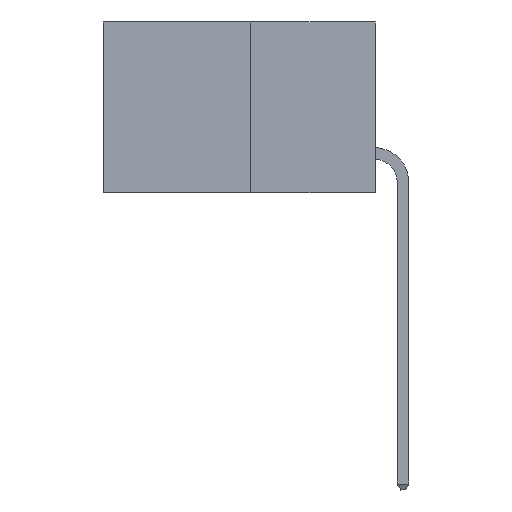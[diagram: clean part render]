
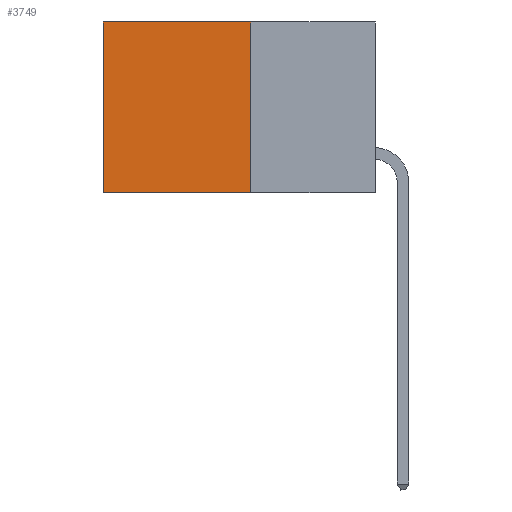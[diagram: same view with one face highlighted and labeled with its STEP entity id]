
A CAD part, left-side view. The second image highlights one B-rep face of the part: STEP entity #3749.
In plain terms, the highlighted planar face has unit normal (-1, 0, 0).
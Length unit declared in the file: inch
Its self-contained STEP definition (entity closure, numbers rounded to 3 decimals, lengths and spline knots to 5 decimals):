
#26 = VECTOR ( 'NONE', #9201, 39.37008 ) ;
#187 = EDGE_LOOP ( 'NONE', ( #6826, #6882, #7650, #7849 ) ) ;
#975 = VECTOR ( 'NONE', #8195, 39.37008 ) ;
#1382 = VERTEX_POINT ( 'NONE', #8871 ) ;
#1584 = FACE_OUTER_BOUND ( 'NONE', #187, .T. ) ;
#1728 = DIRECTION ( 'NONE',  ( 0., 0., -1. ) ) ;
#1760 = EDGE_CURVE ( 'NONE', #8592, #1382, #1885, .T. ) ;
#1885 = LINE ( 'NONE', #5985, #7188 ) ;
#3256 = LINE ( 'NONE', #7443, #5731 ) ;
#3749 = ADVANCED_FACE ( 'NONE', ( #1584 ), #5955, .F. ) ;
#5587 = CARTESIAN_POINT ( 'NONE',  ( 0.277, 0.27, -0.37 ) ) ;
#5731 = VECTOR ( 'NONE', #6394, 39.37008 ) ;
#5955 = PLANE ( 'NONE',  #10901 ) ;
#5985 = CARTESIAN_POINT ( 'NONE',  ( 0.277, 0.27, -0.37 ) ) ;
#6281 = DIRECTION ( 'NONE',  ( 0., 1., 0. ) ) ;
#6394 = DIRECTION ( 'NONE',  ( 0., 0., -1. ) ) ;
#6637 = CARTESIAN_POINT ( 'NONE',  ( 0.277, 0.59, 0. ) ) ;
#6675 = LINE ( 'NONE', #11200, #975 ) ;
#6826 = ORIENTED_EDGE ( 'NONE', *, *, #8916, .T. ) ;
#6882 = ORIENTED_EDGE ( 'NONE', *, *, #1760, .F. ) ;
#7188 = VECTOR ( 'NONE', #6281, 39.37008 ) ;
#7443 = CARTESIAN_POINT ( 'NONE',  ( 0.277, 0.27, -0.37 ) ) ;
#7650 = ORIENTED_EDGE ( 'NONE', *, *, #9735, .F. ) ;
#7849 = ORIENTED_EDGE ( 'NONE', *, *, #9534, .T. ) ;
#8077 = DIRECTION ( 'NONE',  ( 1., 0., 0. ) ) ;
#8195 = DIRECTION ( 'NONE',  ( 0., 1., 0. ) ) ;
#8592 = VERTEX_POINT ( 'NONE', #5587 ) ;
#8616 = VERTEX_POINT ( 'NONE', #6637 ) ;
#8661 = LINE ( 'NONE', #11173, #26 ) ;
#8871 = CARTESIAN_POINT ( 'NONE',  ( 0.277, 0.59, -0.37 ) ) ;
#8916 = EDGE_CURVE ( 'NONE', #8616, #1382, #8661, .T. ) ;
#9201 = DIRECTION ( 'NONE',  ( 0., 0., -1. ) ) ;
#9534 = EDGE_CURVE ( 'NONE', #11127, #8616, #6675, .T. ) ;
#9540 = CARTESIAN_POINT ( 'NONE',  ( 0.277, 0.27, 0. ) ) ;
#9735 = EDGE_CURVE ( 'NONE', #11127, #8592, #3256, .T. ) ;
#10901 = AXIS2_PLACEMENT_3D ( 'NONE', #12102, #8077, #1728 ) ;
#11127 = VERTEX_POINT ( 'NONE', #9540 ) ;
#11173 = CARTESIAN_POINT ( 'NONE',  ( 0.277, 0.59, -0.37 ) ) ;
#11200 = CARTESIAN_POINT ( 'NONE',  ( 0.277, 0.27, 0. ) ) ;
#12102 = CARTESIAN_POINT ( 'NONE',  ( 0.277, 0.27, -0.37 ) ) ;

• • •

Starting at the line with "#11127 = VERTEX_POINT ( 'NONE', #9540 ) ;", copy each line through the end of the data, both ends included, and give nothing else.

#11127 = VERTEX_POINT ( 'NONE', #9540 ) ;
#11173 = CARTESIAN_POINT ( 'NONE',  ( 0.277, 0.59, -0.37 ) ) ;
#11200 = CARTESIAN_POINT ( 'NONE',  ( 0.277, 0.27, 0. ) ) ;
#12102 = CARTESIAN_POINT ( 'NONE',  ( 0.277, 0.27, -0.37 ) ) ;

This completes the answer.